I don't have any mice yet, mostly because I can't find anyone in the northeaster area
 I do hope some day I will find a breeder! I have a crazy house with 3 cats 1 dog countless
fish salt and freshwater and I have a bearded dragon that it 5-7. I most likely won't post much 
but I already come on here daily and if any of you could point me to a good breeder perfurably in pennslyvaina I would very much appreciate it! For now though I'll just look at all the amazing photos of people's mice!


----------



## WoodWitch (Oct 18, 2009)

Welcome


----------



## Laigaie (Mar 7, 2011)

Greetings! Glad to have you! There are definitely breeders in your area! What variety are you looking for?


----------



## oslo9000 (Jan 5, 2014)

I'm looking for a recessive yellow satin female
a cinnamon female and a tan or black female, but that's my dream 
I also like splotch (I can't get ruby or red eyes freaks my mom out)
I really don't mind as long as they had been handled and are tame also healthy!
I'm looking for 3 females.
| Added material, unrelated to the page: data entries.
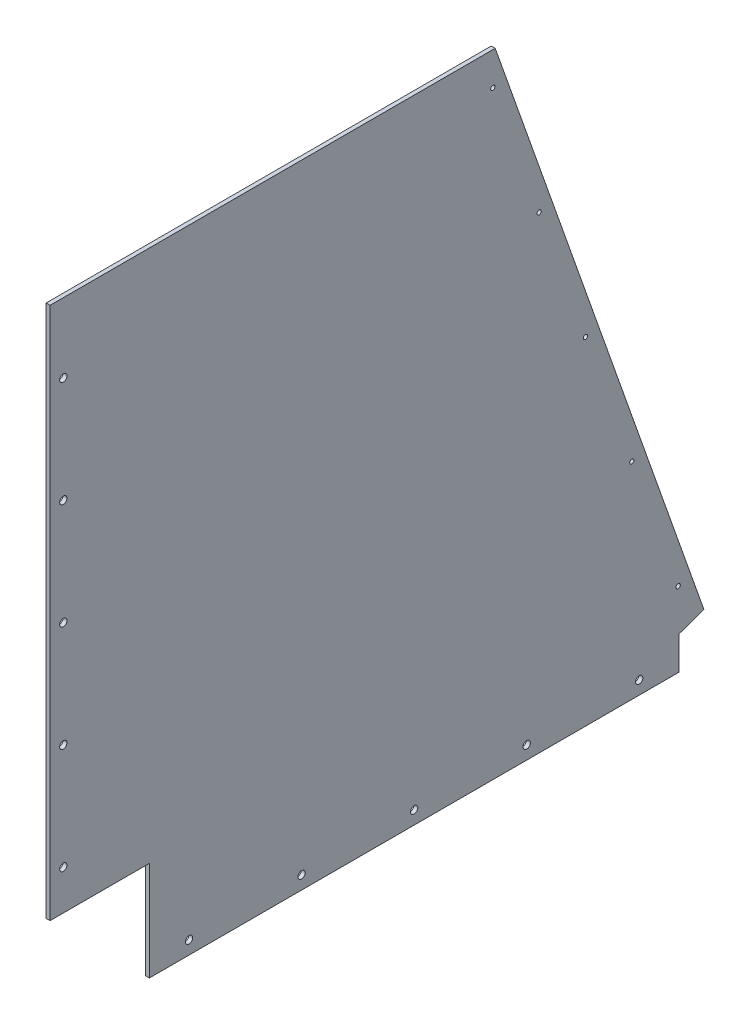
ISO-10303-21;
HEADER;
FILE_DESCRIPTION(('STEP AP214'),'2;1');
FILE_NAME('part.step','',(''),(''),'','','');
FILE_SCHEMA(('AUTOMOTIVE_DESIGN { 1 0 10303 214 1 1 1 1 }'));
ENDSEC;
DATA;
#1=APPLICATION_CONTEXT('core data for automotive mechanical design processes');
#2=APPLICATION_PROTOCOL_DEFINITION('international standard','automotive_design',2000,#1);
#3=PRODUCT_CONTEXT('',#1,'mechanical');
#4=PRODUCT('Part','Part','',(#3));
#5=PRODUCT_RELATED_PRODUCT_CATEGORY('part','',(#4));
#6=PRODUCT_DEFINITION_FORMATION('','',#4);
#7=PRODUCT_DEFINITION_CONTEXT('part definition',#1,'design');
#8=PRODUCT_DEFINITION('design','',#6,#7);
#9=PRODUCT_DEFINITION_SHAPE('','',#8);
#10=(LENGTH_UNIT() NAMED_UNIT(*) SI_UNIT(.MILLI.,.METRE.));
#11=(NAMED_UNIT(*) PLANE_ANGLE_UNIT() SI_UNIT($,.RADIAN.));
#12=(NAMED_UNIT(*) SI_UNIT($,.STERADIAN.) SOLID_ANGLE_UNIT());
#13=UNCERTAINTY_MEASURE_WITH_UNIT(LENGTH_MEASURE(1.E-05),#10,'distance_accuracy_value','');
#14=(GEOMETRIC_REPRESENTATION_CONTEXT(3) GLOBAL_UNCERTAINTY_ASSIGNED_CONTEXT((#13)) GLOBAL_UNIT_ASSIGNED_CONTEXT((#10,
#11,#12)) REPRESENTATION_CONTEXT('',''));
#15=CARTESIAN_POINT('',(0.,0.,0.));
#16=DIRECTION('',(0.,0.,1.));
#17=DIRECTION('',(1.,0.,0.));
#18=AXIS2_PLACEMENT_3D('',#15,#16,#17);
#19=CARTESIAN_POINT('',(3.,0.,0.));
#20=DIRECTION('',(-1.,0.,0.));
#21=DIRECTION('',(0.,0.,1.));
#22=AXIS2_PLACEMENT_3D('',#19,#20,#21);
#23=PLANE('',#22);
#24=CARTESIAN_POINT('',(3.,501.627796268499,-86.0977592121409));
#25=DIRECTION('',(1.,0.,0.));
#26=DIRECTION('',(0.,0.,-1.));
#27=AXIS2_PLACEMENT_3D('',#24,#25,#26);
#28=CIRCLE('',#27,1.60000000000005);
#29=CARTESIAN_POINT('',(3.,501.627796268499,-87.6977592121409));
#30=VERTEX_POINT('',#29);
#31=EDGE_CURVE('E185',#30,#30,#28,.T.);
#32=ORIENTED_EDGE('',*,*,#31,.F.);
#33=EDGE_LOOP('',(#32));
#34=FACE_BOUND('',#33,.T.);
#35=CARTESIAN_POINT('',(3.,600.622745634616,-51.0977592121409));
#36=DIRECTION('',(1.,0.,0.));
#37=DIRECTION('',(0.,0.,-1.));
#38=AXIS2_PLACEMENT_3D('',#35,#36,#37);
#39=CIRCLE('',#38,1.60000000000005);
#40=CARTESIAN_POINT('',(3.,600.622745634616,-52.6977592121409));
#41=VERTEX_POINT('',#40);
#42=EDGE_CURVE('E179',#41,#41,#39,.T.);
#43=ORIENTED_EDGE('',*,*,#42,.F.);
#44=EDGE_LOOP('',(#43));
#45=FACE_BOUND('',#44,.T.);
#46=DIRECTION('',(0.,-0.942809041582063,-0.333333333333333));
#47=VECTOR('',#46,1.);
#48=CARTESIAN_POINT('',(3.,632.240350215411,-50.5258496279613));
#49=LINE('',#48,#47);
#50=CARTESIAN_POINT('',(3.,625.573683548744,-52.8828722319166));
#51=VERTEX_POINT('',#50);
#52=CARTESIAN_POINT('',(3.,179.69201025602,-210.525849627961));
#53=VERTEX_POINT('',#52);
#54=EDGE_CURVE('E123',#51,#53,#49,.T.);
#55=ORIENTED_EDGE('',*,*,#54,.F.);
#56=DIRECTION('',(0.,0.,1.));
#57=VECTOR('',#56,1.);
#58=CARTESIAN_POINT('',(3.,625.573683548744,258.33033120368));
#59=LINE('',#58,#57);
#60=CARTESIAN_POINT('',(3.,625.573683548744,283.33033120368));
#61=VERTEX_POINT('',#60);
#62=EDGE_CURVE('E51',#51,#61,#59,.T.);
#63=ORIENTED_EDGE('',*,*,#62,.T.);
#64=DIRECTION('',(0.,1.,0.));
#65=VECTOR('',#64,1.);
#66=CARTESIAN_POINT('',(3.,625.573683548744,283.33033120368));
#67=LINE('',#66,#65);
#68=CARTESIAN_POINT('',(3.,223.025343589353,283.33033120368));
#69=VERTEX_POINT('',#68);
#70=EDGE_CURVE('E167',#69,#61,#67,.T.);
#71=ORIENTED_EDGE('',*,*,#70,.F.);
#72=DIRECTION('',(0.,0.,-1.));
#73=VECTOR('',#72,1.);
#74=CARTESIAN_POINT('',(3.,223.025343589353,0.));
#75=LINE('',#74,#73);
#76=CARTESIAN_POINT('',(3.,223.025343589353,208.33033120368));
#77=VERTEX_POINT('',#76);
#78=EDGE_CURVE('E136',#69,#77,#75,.T.);
#79=ORIENTED_EDGE('',*,*,#78,.T.);
#80=DIRECTION('',(0.,-1.,0.));
#81=VECTOR('',#80,1.);
#82=CARTESIAN_POINT('',(3.,0.,208.33033120368));
#83=LINE('',#82,#81);
#84=CARTESIAN_POINT('',(3.,148.025343589354,208.33033120368));
#85=VERTEX_POINT('',#84);
#86=EDGE_CURVE('E111',#77,#85,#83,.T.);
#87=ORIENTED_EDGE('',*,*,#86,.T.);
#88=DIRECTION('',(0.,0.,1.));
#89=VECTOR('',#88,1.);
#90=CARTESIAN_POINT('',(3.,148.025343589354,208.33033120368));
#91=LINE('',#90,#89);
#92=CARTESIAN_POINT('',(3.,148.025343589354,-191.66966879632));
#93=VERTEX_POINT('',#92);
#94=EDGE_CURVE('E162',#93,#85,#91,.T.);
#95=ORIENTED_EDGE('',*,*,#94,.F.);
#96=DIRECTION('',(0.,1.,0.));
#97=VECTOR('',#96,1.);
#98=CARTESIAN_POINT('',(3.,148.025343589354,-191.66966879632));
#99=LINE('',#98,#97);
#100=CARTESIAN_POINT('',(3.,173.025343589354,-191.66966879632));
#101=VERTEX_POINT('',#100);
#102=EDGE_CURVE('E148',#93,#101,#99,.T.);
#103=ORIENTED_EDGE('',*,*,#102,.T.);
#104=DIRECTION('',(0.,-0.333333333333333,0.942809041582063));
#105=VECTOR('',#104,1.);
#106=CARTESIAN_POINT('',(3.,179.69201025602,-210.525849627961));
#107=LINE('',#106,#105);
#108=EDGE_CURVE('E121',#53,#101,#107,.T.);
#109=ORIENTED_EDGE('',*,*,#108,.F.);
#110=EDGE_LOOP('',(#55,#63,#71,#79,#87,#95,#103,#109));
#111=FACE_BOUND('',#110,.T.);
#112=CARTESIAN_POINT('',(3.,402.632846902382,-121.097759212141));
#113=DIRECTION('',(1.,0.,0.));
#114=DIRECTION('',(0.,0.,-1.));
#115=AXIS2_PLACEMENT_3D('',#112,#113,#114);
#116=CIRCLE('',#115,1.59999999999999);
#117=CARTESIAN_POINT('',(3.,402.632846902382,-122.697759212141));
#118=VERTEX_POINT('',#117);
#119=EDGE_CURVE('E191',#118,#118,#116,.T.);
#120=ORIENTED_EDGE('',*,*,#119,.F.);
#121=EDGE_LOOP('',(#120));
#122=FACE_BOUND('',#121,.T.);
#123=CARTESIAN_POINT('',(3.,303.637897536266,-156.097759212141));
#124=DIRECTION('',(1.,0.,0.));
#125=DIRECTION('',(0.,0.,-1.));
#126=AXIS2_PLACEMENT_3D('',#123,#124,#125);
#127=CIRCLE('',#126,1.59999999999999);
#128=CARTESIAN_POINT('',(3.,303.637897536266,-157.697759212141));
#129=VERTEX_POINT('',#128);
#130=EDGE_CURVE('E197',#129,#129,#127,.T.);
#131=ORIENTED_EDGE('',*,*,#130,.F.);
#132=EDGE_LOOP('',(#131));
#133=FACE_BOUND('',#132,.T.);
#134=CARTESIAN_POINT('',(3.,204.642948170149,-191.097759212141));
#135=DIRECTION('',(1.,0.,0.));
#136=DIRECTION('',(0.,0.,-1.));
#137=AXIS2_PLACEMENT_3D('',#134,#135,#136);
#138=CIRCLE('',#137,1.59999999999999);
#139=CARTESIAN_POINT('',(3.,204.642948170149,-192.697759212141));
#140=VERTEX_POINT('',#139);
#141=EDGE_CURVE('E203',#140,#140,#138,.T.);
#142=ORIENTED_EDGE('',*,*,#141,.F.);
#143=EDGE_LOOP('',(#142));
#144=FACE_BOUND('',#143,.T.);
#145=CARTESIAN_POINT('',(3.,573.025343589353,273.33033120368));
#146=DIRECTION('',(1.,0.,0.));
#147=DIRECTION('',(0.,0.,-1.));
#148=AXIS2_PLACEMENT_3D('',#145,#146,#147);
#149=CIRCLE('',#148,2.75000000000003);
#150=CARTESIAN_POINT('',(3.,573.025343589353,270.58033120368));
#151=VERTEX_POINT('',#150);
#152=EDGE_CURVE('E209',#151,#151,#149,.T.);
#153=ORIENTED_EDGE('',*,*,#152,.F.);
#154=EDGE_LOOP('',(#153));
#155=FACE_BOUND('',#154,.T.);
#156=CARTESIAN_POINT('',(3.,493.025343589353,273.33033120368));
#157=DIRECTION('',(1.,0.,0.));
#158=DIRECTION('',(0.,0.,-1.));
#159=AXIS2_PLACEMENT_3D('',#156,#157,#158);
#160=CIRCLE('',#159,2.74999999999997);
#161=CARTESIAN_POINT('',(3.,493.025343589353,270.58033120368));
#162=VERTEX_POINT('',#161);
#163=EDGE_CURVE('E215',#162,#162,#160,.T.);
#164=ORIENTED_EDGE('',*,*,#163,.F.);
#165=EDGE_LOOP('',(#164));
#166=FACE_BOUND('',#165,.T.);
#167=CARTESIAN_POINT('',(3.,413.025343589353,273.33033120368));
#168=DIRECTION('',(1.,0.,0.));
#169=DIRECTION('',(0.,0.,-1.));
#170=AXIS2_PLACEMENT_3D('',#167,#168,#169);
#171=CIRCLE('',#170,2.74999999999997);
#172=CARTESIAN_POINT('',(3.,413.025343589353,270.58033120368));
#173=VERTEX_POINT('',#172);
#174=EDGE_CURVE('E221',#173,#173,#171,.T.);
#175=ORIENTED_EDGE('',*,*,#174,.F.);
#176=EDGE_LOOP('',(#175));
#177=FACE_BOUND('',#176,.T.);
#178=CARTESIAN_POINT('',(3.,333.025343589353,273.33033120368));
#179=DIRECTION('',(1.,0.,0.));
#180=DIRECTION('',(0.,0.,-1.));
#181=AXIS2_PLACEMENT_3D('',#178,#179,#180);
#182=CIRCLE('',#181,2.74999999999997);
#183=CARTESIAN_POINT('',(3.,333.025343589353,270.58033120368));
#184=VERTEX_POINT('',#183);
#185=EDGE_CURVE('E227',#184,#184,#182,.T.);
#186=ORIENTED_EDGE('',*,*,#185,.F.);
#187=EDGE_LOOP('',(#186));
#188=FACE_BOUND('',#187,.T.);
#189=CARTESIAN_POINT('',(3.,253.025343589353,273.33033120368));
#190=DIRECTION('',(1.,0.,0.));
#191=DIRECTION('',(0.,0.,-1.));
#192=AXIS2_PLACEMENT_3D('',#189,#190,#191);
#193=CIRCLE('',#192,2.74999999999997);
#194=CARTESIAN_POINT('',(3.,253.025343589353,270.58033120368));
#195=VERTEX_POINT('',#194);
#196=EDGE_CURVE('E233',#195,#195,#193,.T.);
#197=ORIENTED_EDGE('',*,*,#196,.F.);
#198=EDGE_LOOP('',(#197));
#199=FACE_BOUND('',#198,.T.);
#200=CARTESIAN_POINT('',(3.,158.025343589354,178.33033120368));
#201=DIRECTION('',(1.,0.,0.));
#202=DIRECTION('',(0.,0.,-1.));
#203=AXIS2_PLACEMENT_3D('',#200,#201,#202);
#204=CIRCLE('',#203,2.75);
#205=CARTESIAN_POINT('',(3.,158.025343589354,175.58033120368));
#206=VERTEX_POINT('',#205);
#207=EDGE_CURVE('E239',#206,#206,#204,.T.);
#208=ORIENTED_EDGE('',*,*,#207,.F.);
#209=EDGE_LOOP('',(#208));
#210=FACE_BOUND('',#209,.T.);
#211=CARTESIAN_POINT('',(3.,158.025343589354,93.3303312036799));
#212=DIRECTION('',(1.,0.,0.));
#213=DIRECTION('',(0.,0.,-1.));
#214=AXIS2_PLACEMENT_3D('',#211,#212,#213);
#215=CIRCLE('',#214,2.75);
#216=CARTESIAN_POINT('',(3.,158.025343589354,90.5803312036799));
#217=VERTEX_POINT('',#216);
#218=EDGE_CURVE('E245',#217,#217,#215,.T.);
#219=ORIENTED_EDGE('',*,*,#218,.F.);
#220=EDGE_LOOP('',(#219));
#221=FACE_BOUND('',#220,.T.);
#222=CARTESIAN_POINT('',(3.,158.025343589354,8.33033120367988));
#223=DIRECTION('',(1.,0.,0.));
#224=DIRECTION('',(0.,0.,-1.));
#225=AXIS2_PLACEMENT_3D('',#222,#223,#224);
#226=CIRCLE('',#225,2.75);
#227=CARTESIAN_POINT('',(3.,158.025343589354,5.58033120367987));
#228=VERTEX_POINT('',#227);
#229=EDGE_CURVE('E251',#228,#228,#226,.T.);
#230=ORIENTED_EDGE('',*,*,#229,.F.);
#231=EDGE_LOOP('',(#230));
#232=FACE_BOUND('',#231,.T.);
#233=CARTESIAN_POINT('',(3.,158.025343589354,-76.6696687963201));
#234=DIRECTION('',(1.,0.,0.));
#235=DIRECTION('',(0.,0.,-1.));
#236=AXIS2_PLACEMENT_3D('',#233,#234,#235);
#237=CIRCLE('',#236,2.75);
#238=CARTESIAN_POINT('',(3.,158.025343589354,-79.4196687963201));
#239=VERTEX_POINT('',#238);
#240=EDGE_CURVE('E257',#239,#239,#237,.T.);
#241=ORIENTED_EDGE('',*,*,#240,.F.);
#242=EDGE_LOOP('',(#241));
#243=FACE_BOUND('',#242,.T.);
#244=CARTESIAN_POINT('',(3.,158.025343589354,-161.66966879632));
#245=DIRECTION('',(1.,0.,0.));
#246=DIRECTION('',(0.,0.,-1.));
#247=AXIS2_PLACEMENT_3D('',#244,#245,#246);
#248=CIRCLE('',#247,2.75);
#249=CARTESIAN_POINT('',(3.,158.025343589354,-164.41966879632));
#250=VERTEX_POINT('',#249);
#251=EDGE_CURVE('E263',#250,#250,#248,.T.);
#252=ORIENTED_EDGE('',*,*,#251,.F.);
#253=EDGE_LOOP('',(#252));
#254=FACE_BOUND('',#253,.T.);
#255=ADVANCED_FACE('F37',(#34,#45,#111,#122,#133,#144,#155,#166,#177,#188,#199,#210,#221,#232,
#243,#254),#23,.F.);
#256=CARTESIAN_POINT('',(3.,625.573683548744,258.33033120368));
#257=DIRECTION('',(0.,-1.,0.));
#258=DIRECTION('',(0.,0.,-1.));
#259=AXIS2_PLACEMENT_3D('',#256,#257,#258);
#260=PLANE('',#259);
#261=DIRECTION('',(0.,0.,1.));
#262=VECTOR('',#261,1.);
#263=CARTESIAN_POINT('',(0.,625.573683548744,258.33033120368));
#264=LINE('',#263,#262);
#265=CARTESIAN_POINT('',(0.,625.573683548744,-52.8828722319166));
#266=VERTEX_POINT('',#265);
#267=CARTESIAN_POINT('',(0.,625.573683548744,283.33033120368));
#268=VERTEX_POINT('',#267);
#269=EDGE_CURVE('E103',#266,#268,#264,.T.);
#270=ORIENTED_EDGE('',*,*,#269,.T.);
#271=DIRECTION('',(-1.,0.,0.));
#272=VECTOR('',#271,1.);
#273=CARTESIAN_POINT('',(0.,625.573683548744,283.33033120368));
#274=LINE('',#273,#272);
#275=EDGE_CURVE('E165',#61,#268,#274,.T.);
#276=ORIENTED_EDGE('',*,*,#275,.F.);
#277=ORIENTED_EDGE('',*,*,#62,.F.);
#278=DIRECTION('',(-1.,0.,0.));
#279=VECTOR('',#278,1.);
#280=CARTESIAN_POINT('',(0.,625.573683548744,-52.8828722319166));
#281=LINE('',#280,#279);
#282=EDGE_CURVE('E11',#51,#266,#281,.T.);
#283=ORIENTED_EDGE('',*,*,#282,.T.);
#284=EDGE_LOOP('',(#270,#276,#277,#283));
#285=FACE_BOUND('',#284,.T.);
#286=ADVANCED_FACE('F39',(#285),#260,.F.);
#287=CARTESIAN_POINT('',(0.,0.,0.));
#288=DIRECTION('',(-1.,0.,0.));
#289=DIRECTION('',(0.,0.,1.));
#290=AXIS2_PLACEMENT_3D('',#287,#288,#289);
#291=PLANE('',#290);
#292=CARTESIAN_POINT('',(0.,158.025343589354,-161.66966879632));
#293=DIRECTION('',(-1.,0.,0.));
#294=DIRECTION('',(0.,0.,1.));
#295=AXIS2_PLACEMENT_3D('',#292,#293,#294);
#296=CIRCLE('',#295,2.75);
#297=CARTESIAN_POINT('',(0.,158.025343589354,-158.91966879632));
#298=VERTEX_POINT('',#297);
#299=EDGE_CURVE('E260',#298,#298,#296,.T.);
#300=ORIENTED_EDGE('',*,*,#299,.F.);
#301=EDGE_LOOP('',(#300));
#302=FACE_BOUND('',#301,.T.);
#303=CARTESIAN_POINT('',(0.,158.025343589354,-76.6696687963201));
#304=DIRECTION('',(-1.,0.,0.));
#305=DIRECTION('',(0.,0.,1.));
#306=AXIS2_PLACEMENT_3D('',#303,#304,#305);
#307=CIRCLE('',#306,2.75);
#308=CARTESIAN_POINT('',(0.,158.025343589354,-73.9196687963201));
#309=VERTEX_POINT('',#308);
#310=EDGE_CURVE('E254',#309,#309,#307,.T.);
#311=ORIENTED_EDGE('',*,*,#310,.F.);
#312=EDGE_LOOP('',(#311));
#313=FACE_BOUND('',#312,.T.);
#314=CARTESIAN_POINT('',(0.,158.025343589354,8.33033120367988));
#315=DIRECTION('',(-1.,0.,0.));
#316=DIRECTION('',(0.,0.,1.));
#317=AXIS2_PLACEMENT_3D('',#314,#315,#316);
#318=CIRCLE('',#317,2.75);
#319=CARTESIAN_POINT('',(0.,158.025343589354,11.0803312036799));
#320=VERTEX_POINT('',#319);
#321=EDGE_CURVE('E248',#320,#320,#318,.T.);
#322=ORIENTED_EDGE('',*,*,#321,.F.);
#323=EDGE_LOOP('',(#322));
#324=FACE_BOUND('',#323,.T.);
#325=CARTESIAN_POINT('',(0.,158.025343589354,93.3303312036799));
#326=DIRECTION('',(-1.,0.,0.));
#327=DIRECTION('',(0.,0.,1.));
#328=AXIS2_PLACEMENT_3D('',#325,#326,#327);
#329=CIRCLE('',#328,2.75);
#330=CARTESIAN_POINT('',(0.,158.025343589354,96.0803312036799));
#331=VERTEX_POINT('',#330);
#332=EDGE_CURVE('E242',#331,#331,#329,.T.);
#333=ORIENTED_EDGE('',*,*,#332,.F.);
#334=EDGE_LOOP('',(#333));
#335=FACE_BOUND('',#334,.T.);
#336=CARTESIAN_POINT('',(0.,158.025343589354,178.33033120368));
#337=DIRECTION('',(-1.,0.,0.));
#338=DIRECTION('',(0.,0.,1.));
#339=AXIS2_PLACEMENT_3D('',#336,#337,#338);
#340=CIRCLE('',#339,2.75);
#341=CARTESIAN_POINT('',(0.,158.025343589354,181.08033120368));
#342=VERTEX_POINT('',#341);
#343=EDGE_CURVE('E236',#342,#342,#340,.T.);
#344=ORIENTED_EDGE('',*,*,#343,.F.);
#345=EDGE_LOOP('',(#344));
#346=FACE_BOUND('',#345,.T.);
#347=CARTESIAN_POINT('',(0.,253.025343589353,273.33033120368));
#348=DIRECTION('',(-1.,0.,0.));
#349=DIRECTION('',(0.,0.,1.));
#350=AXIS2_PLACEMENT_3D('',#347,#348,#349);
#351=CIRCLE('',#350,2.74999999999997);
#352=CARTESIAN_POINT('',(0.,253.025343589353,276.08033120368));
#353=VERTEX_POINT('',#352);
#354=EDGE_CURVE('E230',#353,#353,#351,.T.);
#355=ORIENTED_EDGE('',*,*,#354,.F.);
#356=EDGE_LOOP('',(#355));
#357=FACE_BOUND('',#356,.T.);
#358=CARTESIAN_POINT('',(0.,333.025343589353,273.33033120368));
#359=DIRECTION('',(-1.,0.,0.));
#360=DIRECTION('',(0.,0.,1.));
#361=AXIS2_PLACEMENT_3D('',#358,#359,#360);
#362=CIRCLE('',#361,2.74999999999997);
#363=CARTESIAN_POINT('',(0.,333.025343589353,276.08033120368));
#364=VERTEX_POINT('',#363);
#365=EDGE_CURVE('E224',#364,#364,#362,.T.);
#366=ORIENTED_EDGE('',*,*,#365,.F.);
#367=EDGE_LOOP('',(#366));
#368=FACE_BOUND('',#367,.T.);
#369=CARTESIAN_POINT('',(0.,413.025343589353,273.33033120368));
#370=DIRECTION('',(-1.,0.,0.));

You say there are breeders but I'm having a disheartening 
time trying to find one that still updates their page.


----------



## Frizzle (Oct 6, 2011)

Welcome from Wisconsin!


----------



## Laigaie (Mar 7, 2011)

Not everyone updates their websites constantly (or even at all), but Facebook can be a really great way to track down local breeders. There are two clubs operating in your area--the Fancy Mouse Breeders Association, and the United Mouse Club. The FB pages of either of those clubs are a pretty effective way to get 'hold of breeders.


----------



## andypandy29us (Aug 10, 2012)

hello and welcome


----------